(Extracted records)
+--
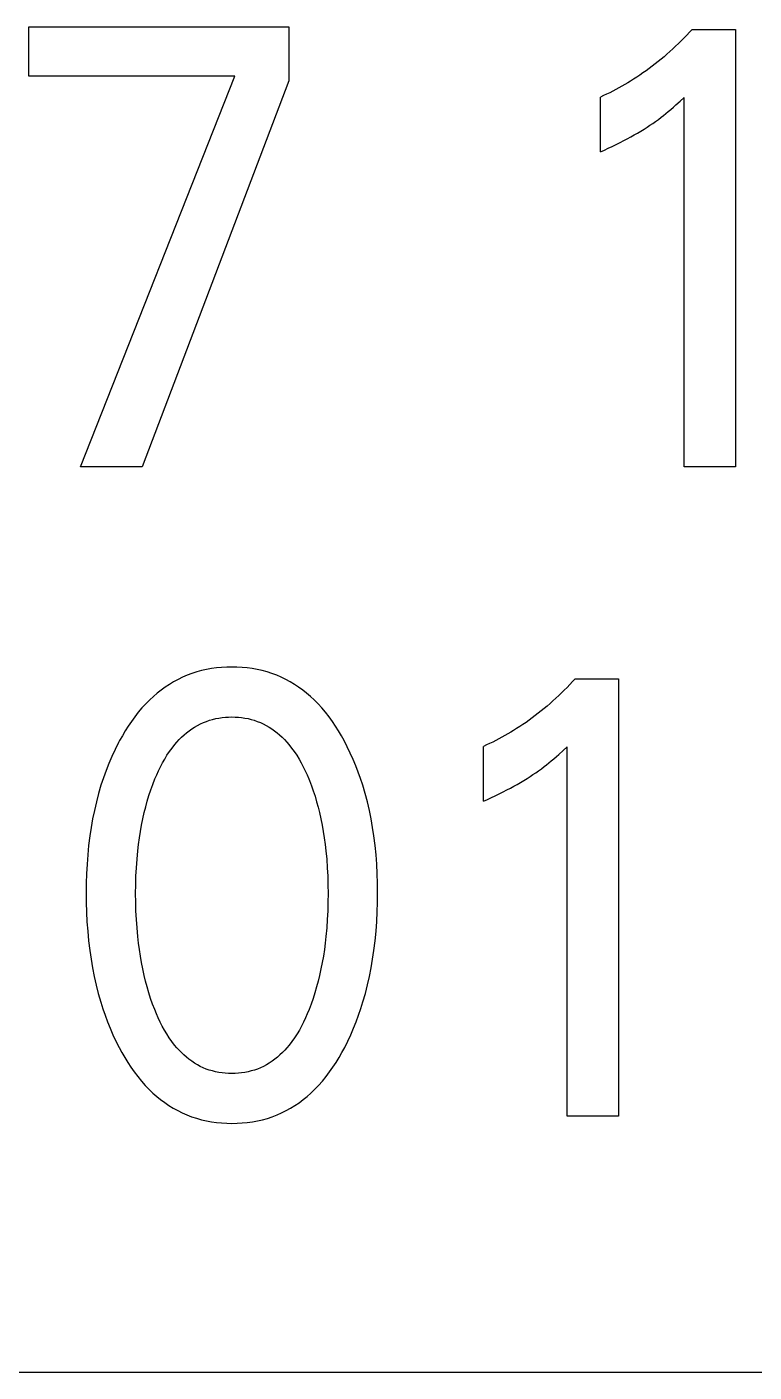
# Model space of a CAD drawing. Extents: x 10 to 879, y 6 to 221.
# Drawn here: x 645.283 to 647.338, y 134.292 to 138.091 of the extents above; entities that cross this region are included whole.
import ezdxf

# ---------------------------------------------------------------- set-up
doc = ezdxf.new("R2010")
doc.units = 0
doc.header["$LTSCALE"] = 5
doc.header["$MEASUREMENT"] = 0
doc.layers.get('0').update_dxf_attribs({"linetype": 'CONTINUOUS'})

msp = doc.modelspace()

# ---------------------------------------------------------------- linework, layer by layer
at = {"color": 7, "linetype": 'Continuous'}
for p, q in [((645.2884, 137.9521), (645.2884, 138.0912)), ((645.2884, 138.0912), (646.0229, 138.0912)), ((646.0229, 138.0912), (646.0229, 137.9389)), ((647.1625, 138.0842), (647.1551, 138.076)), ((647.1625, 138.0842), (647.2851, 138.0842)), ((647.2851, 138.0842), (647.2851, 136.849)), ((647.1243, 138.0442), (647.1163, 138.0366)), ((647.1322, 138.052), (647.1243, 138.0442)), ((647.1399, 138.0599), (647.1322, 138.052)), ((647.1476, 138.0679), (647.1399, 138.0599)), ((647.1551, 138.076), (647.1476, 138.0679)), ((647.0834, 138.007), (647.0752, 138.0001)), ((647.0918, 138.0142), (647.0834, 138.007)), ((647.1001, 138.0216), (647.0918, 138.0142)), ((647.1082, 138.029), (647.1001, 138.0216)), ((647.1163, 138.0366), (647.1082, 138.029)), ((647.0327, 137.9673), (647.0239, 137.9611)), ((647.0413, 137.9736), (647.0327, 137.9673)), ((647.0499, 137.9801), (647.0413, 137.9736)), ((647.0584, 137.9866), (647.0499, 137.9801)), ((647.0668, 137.9933), (647.0584, 137.9866)), ((647.0752, 138.0001), (647.0668, 137.9933)), ((645.8705, 137.9521), (645.2884, 137.9521)), ((645.4346, 136.849), (645.8705, 137.9521)), ((646.0229, 137.9389), (645.6085, 136.849)), ((646.9724, 137.9283), (646.964, 137.9235)), ((646.9807, 137.9332), (646.9724, 137.9283)), ((646.9889, 137.9382), (646.9807, 137.9332)), ((646.9971, 137.9433), (646.9889, 137.9382)), ((647.0061, 137.9491), (646.9971, 137.9433)), ((647.0151, 137.9551), (647.0061, 137.9491)), ((647.0239, 137.9611), (647.0151, 137.9551)), ((646.9125, 137.8971), (646.9037, 137.8931)), ((646.9037, 137.7382), (646.9037, 137.8931)), ((646.9212, 137.9012), (646.9125, 137.8971)), ((646.9299, 137.9054), (646.9212, 137.9012)), ((646.9385, 137.9098), (646.9299, 137.9054)), ((646.9471, 137.9142), (646.9385, 137.9098)), ((646.9556, 137.9188), (646.9471, 137.9142)), ((646.964, 137.9235), (646.9556, 137.9188)), ((647.1288, 137.8814), (647.1403, 137.8922)), ((647.1403, 136.849), (647.1403, 137.8922)), ((647.0887, 137.8465), (647.0954, 137.8519)), ((647.0954, 137.8519), (647.1027, 137.8581)), ((647.1027, 137.8581), (647.1099, 137.8644)), ((647.1099, 137.8644), (647.1171, 137.8707)), ((647.1171, 137.8707), (647.1288, 137.8814)), ((647.0354, 137.808), (647.0436, 137.8133)), ((647.0436, 137.8133), (647.0516, 137.8188)), ((647.0516, 137.8188), (647.0596, 137.8244)), ((647.0596, 137.8244), (647.0674, 137.8301)), ((647.0674, 137.8301), (647.0752, 137.8359)), ((647.0752, 137.8359), (647.082, 137.8412)), ((647.082, 137.8412), (647.0887, 137.8465)), ((646.97, 137.7702), (646.9797, 137.7753)), ((646.9797, 137.7753), (646.9894, 137.7805)), ((646.9894, 137.7805), (646.999, 137.7859)), ((646.999, 137.7859), (647.0085, 137.7914)), ((647.0085, 137.7914), (647.0179, 137.797)), ((647.0179, 137.797), (647.0272, 137.8027)), ((647.0272, 137.8027), (647.0354, 137.808)), ((646.9037, 137.7382), (646.9148, 137.7433)), ((646.9148, 137.7433), (646.926, 137.7484)), ((646.926, 137.7484), (646.9371, 137.7537)), ((646.9371, 137.7537), (646.9481, 137.7591)), ((646.9481, 137.7591), (646.9591, 137.7646)), ((646.9591, 137.7646), (646.97, 137.7702)), ((645.6085, 136.849), (645.4346, 136.849)), ((647.2851, 136.849), (647.1403, 136.849)), ((645.7228, 136.2543), (645.7101, 136.2482)), ((645.7358, 136.2599), (645.7228, 136.2543)), ((645.7492, 136.2649), (645.7358, 136.2599)), ((645.7629, 136.2692), (645.7492, 136.2649)), ((645.7767, 136.2729), (645.7629, 136.2692)), ((645.7907, 136.2761), (645.7767, 136.2729)), ((645.8048, 136.2786), (645.7907, 136.2761)), ((645.8191, 136.2805), (645.8048, 136.2786)), ((645.8334, 136.2819), (645.8191, 136.2805)), ((645.8478, 136.2827), (645.8334, 136.2819)), ((645.8622, 136.283), (645.8478, 136.2827)), ((645.8767, 136.2827), (645.8622, 136.283)), ((645.8911, 136.2819), (645.8767, 136.2827)), ((645.9055, 136.2805), (645.8911, 136.2819)), ((645.9198, 136.2786), (645.9055, 136.2805)), ((645.934, 136.2761), (645.9198, 136.2786)), ((645.948, 136.273), (645.934, 136.2761)), ((645.9619, 136.2692), (645.948, 136.273)), ((645.9755, 136.2649), (645.9619, 136.2692)), ((645.989, 136.2599), (645.9755, 136.2649)), ((646.002, 136.2543), (645.989, 136.2599)), ((646.0147, 136.2482), (646.002, 136.2543)), ((645.6623, 136.2181), (645.6512, 136.2094)), ((645.6738, 136.2264), (645.6623, 136.2181)), ((645.6856, 136.2342), (645.6738, 136.2264)), ((645.6977, 136.2415), (645.6856, 136.2342)), ((645.7101, 136.2482), (645.6977, 136.2415)), ((646.0271, 136.2415), (646.0147, 136.2482)), ((646.0392, 136.2342), (646.0271, 136.2415)), ((646.051, 136.2264), (646.0392, 136.2342)), ((646.0625, 136.2182), (646.051, 136.2264)), ((646.0736, 136.2094), (646.0625, 136.2182)), ((646.8017, 136.2178), (646.7938, 136.21)), ((646.8094, 136.2257), (646.8017, 136.2178)), ((646.8171, 136.2337), (646.8094, 136.2257)), ((646.8246, 136.2418), (646.8171, 136.2337)), ((646.8321, 136.25), (646.8246, 136.2418)), ((646.8321, 136.25), (646.9546, 136.25)), ((646.9546, 136.25), (646.9546, 135.0148)), ((645.6188, 136.1793), (645.608, 136.1675)), ((645.63, 136.1906), (645.6188, 136.1793)), ((645.6404, 136.2002), (645.63, 136.1906)), ((645.6512, 136.2094), (645.6404, 136.2002)), ((646.0844, 136.2002), (646.0736, 136.2094)), ((646.0947, 136.1906), (646.0844, 136.2002)), ((646.106, 136.1793), (646.0947, 136.1906)), ((646.1167, 136.1675), (646.106, 136.1793)), ((646.7613, 136.18), (646.7529, 136.1728)), ((646.7696, 136.1874), (646.7613, 136.18)), ((646.7778, 136.1948), (646.7696, 136.1874)), ((646.7858, 136.2024), (646.7778, 136.1948)), ((646.7938, 136.21), (646.7858, 136.2024)), ((645.5878, 136.1427), (645.5784, 136.1297)), ((645.5977, 136.1553), (645.5878, 136.1427)), ((645.608, 136.1675), (645.5977, 136.1553)), ((645.8256, 136.1391), (645.8347, 136.1404)), ((645.8347, 136.1404), (645.8438, 136.1414)), ((645.8438, 136.1414), (645.853, 136.1419)), ((645.853, 136.1419), (645.8622, 136.1421)), ((645.8622, 136.1421), (645.8714, 136.1419)), ((645.8714, 136.1419), (645.8806, 136.1414)), ((645.8806, 136.1414), (645.8898, 136.1404)), ((645.8898, 136.1404), (645.8989, 136.1391)), ((646.127, 136.1553), (646.1167, 136.1675)), ((646.1368, 136.1427), (646.127, 136.1553)), ((646.1462, 136.1297), (646.1368, 136.1427)), ((646.7195, 136.1459), (646.7109, 136.1394)), ((646.728, 136.1524), (646.7195, 136.1459)), ((646.7364, 136.1591), (646.728, 136.1524)), ((646.7447, 136.1659), (646.7364, 136.1591)), ((646.7529, 136.1728), (646.7447, 136.1659)), ((645.5609, 136.103), (645.5528, 136.0892)), ((645.5695, 136.1165), (645.5609, 136.103)), ((645.5784, 136.1297), (645.5695, 136.1165)), ((645.7343, 136.0974), (645.7417, 136.1031)), ((645.7417, 136.1031), (645.7493, 136.1086)), ((645.7493, 136.1086), (645.7571, 136.1137)), ((645.7571, 136.1137), (645.7652, 136.1184)), ((645.7652, 136.1184), (645.7735, 136.1226)), ((645.7735, 136.1226), (645.7818, 136.1264)), ((645.7818, 136.1264), (645.7903, 136.1297)), ((645.7903, 136.1297), (645.7989, 136.1327)), ((645.7989, 136.1327), (645.8077, 136.1352)), ((645.8077, 136.1352), (645.8166, 136.1373)), ((645.8166, 136.1373), (645.8256, 136.1391)), ((645.8989, 136.1391), (645.9079, 136.1373)), ((645.9079, 136.1373), (645.9168, 136.1352)), ((645.9168, 136.1352), (645.9256, 136.1327)), ((645.9256, 136.1327), (645.9342, 136.1297)), ((645.9342, 136.1297), (645.9427, 136.1264)), ((645.9427, 136.1264), (645.951, 136.1226)), ((645.951, 136.1226), (645.9593, 136.1184)), ((645.9593, 136.1184), (645.9673, 136.1137)), ((645.9673, 136.1137), (645.9752, 136.1086)), ((645.9752, 136.1086), (645.9828, 136.1031)), ((645.9828, 136.1031), (645.9902, 136.0974)), ((646.1551, 136.1165), (646.1462, 136.1297)), ((646.1636, 136.1029), (646.1551, 136.1165)), ((646.1717, 136.0892), (646.1636, 136.1029)), ((646.6585, 136.104), (646.6502, 136.099)), ((646.6666, 136.1091), (646.6585, 136.104)), ((646.6756, 136.1149), (646.6666, 136.1091)), ((646.6846, 136.1209), (646.6756, 136.1149)), ((646.6934, 136.1269), (646.6846, 136.1209)), ((646.7022, 136.1331), (646.6934, 136.1269)), ((646.7109, 136.1394), (646.7022, 136.1331)), ((645.5422, 136.0699), (645.5323, 136.0504)), ((645.545, 136.0752), (645.5422, 136.0699)), ((645.5528, 136.0892), (645.545, 136.0752)), ((645.6932, 136.0544), (645.701, 136.0642)), ((645.701, 136.0642), (645.7072, 136.0713)), ((645.7072, 136.0713), (645.7136, 136.0782)), ((645.7136, 136.0782), (645.7202, 136.0849)), ((645.7202, 136.0849), (645.7271, 136.0913)), ((645.7271, 136.0913), (645.7343, 136.0974)), ((645.9902, 136.0974), (645.9973, 136.0913)), ((645.9973, 136.0913), (646.0042, 136.0849)), ((646.0042, 136.0849), (646.0109, 136.0782)), ((646.0109, 136.0782), (646.0173, 136.0713)), ((646.0173, 136.0713), (646.0234, 136.0642)), ((646.0234, 136.0642), (646.0312, 136.0544)), ((646.1795, 136.0752), (646.1717, 136.0892)), ((646.1885, 136.0578), (646.1795, 136.0752)), ((646.5907, 136.067), (646.582, 136.0629)), ((646.5994, 136.0712), (646.5907, 136.067)), ((646.608, 136.0756), (646.5994, 136.0712)), ((646.6166, 136.08), (646.608, 136.0756)), ((646.6251, 136.0846), (646.6166, 136.08)), ((646.6335, 136.0893), (646.6251, 136.0846)), ((646.6419, 136.0941), (646.6335, 136.0893)), ((646.6502, 136.099), (646.6419, 136.0941)), ((645.5231, 136.0307), (645.5145, 136.0107)), ((645.5323, 136.0504), (645.5231, 136.0307)), ((645.6724, 136.0232), (645.6789, 136.0339)), ((645.6789, 136.0339), (645.6859, 136.0443)), ((645.6859, 136.0443), (645.6932, 136.0544)), ((646.0312, 136.0544), (646.0386, 136.0443)), ((646.0386, 136.0443), (646.0455, 136.0339)), ((646.0455, 136.0339), (646.0521, 136.0232)), ((646.197, 136.0402), (646.1885, 136.0578)), ((646.205, 136.0224), (646.197, 136.0402)), ((646.582, 136.0629), (646.5732, 136.0589)), ((646.5732, 135.904), (646.5732, 136.0589)), ((646.7722, 136.0239), (646.7795, 136.0302)), ((646.7795, 136.0302), (646.7866, 136.0365)), ((646.7866, 136.0365), (646.7983, 136.0472)), ((646.7983, 136.0472), (646.8099, 136.058)), ((646.8099, 135.0148), (646.8099, 136.058)), ((645.5066, 135.9904), (645.4992, 135.9699)), ((645.5145, 136.0107), (645.5066, 135.9904)), ((645.6498, 135.9785), (645.655, 135.9899)), ((645.655, 135.9899), (645.6604, 136.0012)), ((645.6604, 136.0012), (645.6662, 136.0123)), ((645.6662, 136.0123), (645.6724, 136.0232)), ((646.0521, 136.0232), (646.0582, 136.0123)), ((646.0582, 136.0123), (646.064, 136.0012)), ((646.064, 136.0012), (646.0695, 135.9899)), ((646.0695, 135.9899), (646.0746, 135.9785)), ((646.2125, 136.0044), (646.205, 136.0224)), ((646.2195, 135.9862), (646.2125, 136.0044)), ((646.7211, 135.9846), (646.7291, 135.9902)), ((646.7291, 135.9902), (646.737, 135.9959)), ((646.737, 135.9959), (646.7448, 136.0017)), ((646.7448, 136.0017), (646.7516, 136.007)), ((646.7516, 136.007), (646.7583, 136.0123)), ((646.7583, 136.0123), (646.7649, 136.0177)), ((646.7649, 136.0177), (646.7722, 136.0239)), ((645.4992, 135.9699), (645.4924, 135.9492)), ((645.6332, 135.9358), (645.6388, 135.9514)), ((645.6388, 135.9514), (645.6449, 135.9669)), ((645.6449, 135.9669), (645.6498, 135.9785)), ((646.0746, 135.9785), (646.0795, 135.9669)), ((646.0795, 135.9669), (646.0812, 135.9628)), ((646.0812, 135.9628), (646.0869, 135.9479)), ((646.226, 135.9678), (646.2195, 135.9862)), ((646.232, 135.9492), (646.226, 135.9678)), ((646.6589, 135.9463), (646.6685, 135.9517)), ((646.6685, 135.9517), (646.678, 135.9572)), ((646.678, 135.9572), (646.6874, 135.9628)), ((646.6874, 135.9628), (646.6968, 135.9685)), ((646.6968, 135.9685), (646.705, 135.9738)), ((646.705, 135.9738), (646.7131, 135.9791)), ((646.7131, 135.9791), (646.7211, 135.9846)), ((645.4855, 135.9258), (645.4793, 135.9021)), ((645.4924, 135.9492), (645.4855, 135.9258)), ((645.6231, 135.9041), (645.628, 135.92)), ((645.628, 135.92), (645.6332, 135.9358)), ((646.0869, 135.9479), (646.0922, 135.933)), ((646.0922, 135.933), (646.0972, 135.9179)), ((646.0972, 135.9179), (646.1017, 135.9026)), ((646.239, 135.9258), (646.232, 135.9492)), ((646.2452, 135.9021), (646.239, 135.9258)), ((646.5844, 135.9091), (646.5955, 135.9142)), ((646.5955, 135.9142), (646.6066, 135.9195)), ((646.6066, 135.9195), (646.6176, 135.9249)), ((646.6176, 135.9249), (646.6286, 135.9304)), ((646.6286, 135.9304), (646.6396, 135.936)), ((646.6396, 135.936), (646.6493, 135.9411)), ((646.6493, 135.9411), (646.6589, 135.9463)), ((645.4737, 135.8783), (645.4688, 135.8543)), ((645.4793, 135.9021), (645.4737, 135.8783)), ((645.6147, 135.8719), (645.6187, 135.8881)), ((645.6187, 135.8881), (645.6231, 135.9041)), ((646.1017, 135.9026), (646.1059, 135.8873)), ((646.1059, 135.8873), (646.1098, 135.8719)), ((646.2508, 135.8783), (646.2452, 135.9021)), ((646.2557, 135.8543), (646.2508, 135.8783)), ((646.5732, 135.904), (646.5844, 135.9091)), ((645.4688, 135.8543), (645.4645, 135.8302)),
+--
Please return each line of the data above in which the word "linetype" occurs.

doc.layers.get('0').update_dxf_attribs({"linetype": 'CONTINUOUS'})
at = {"color": 7, "linetype": 'Continuous'}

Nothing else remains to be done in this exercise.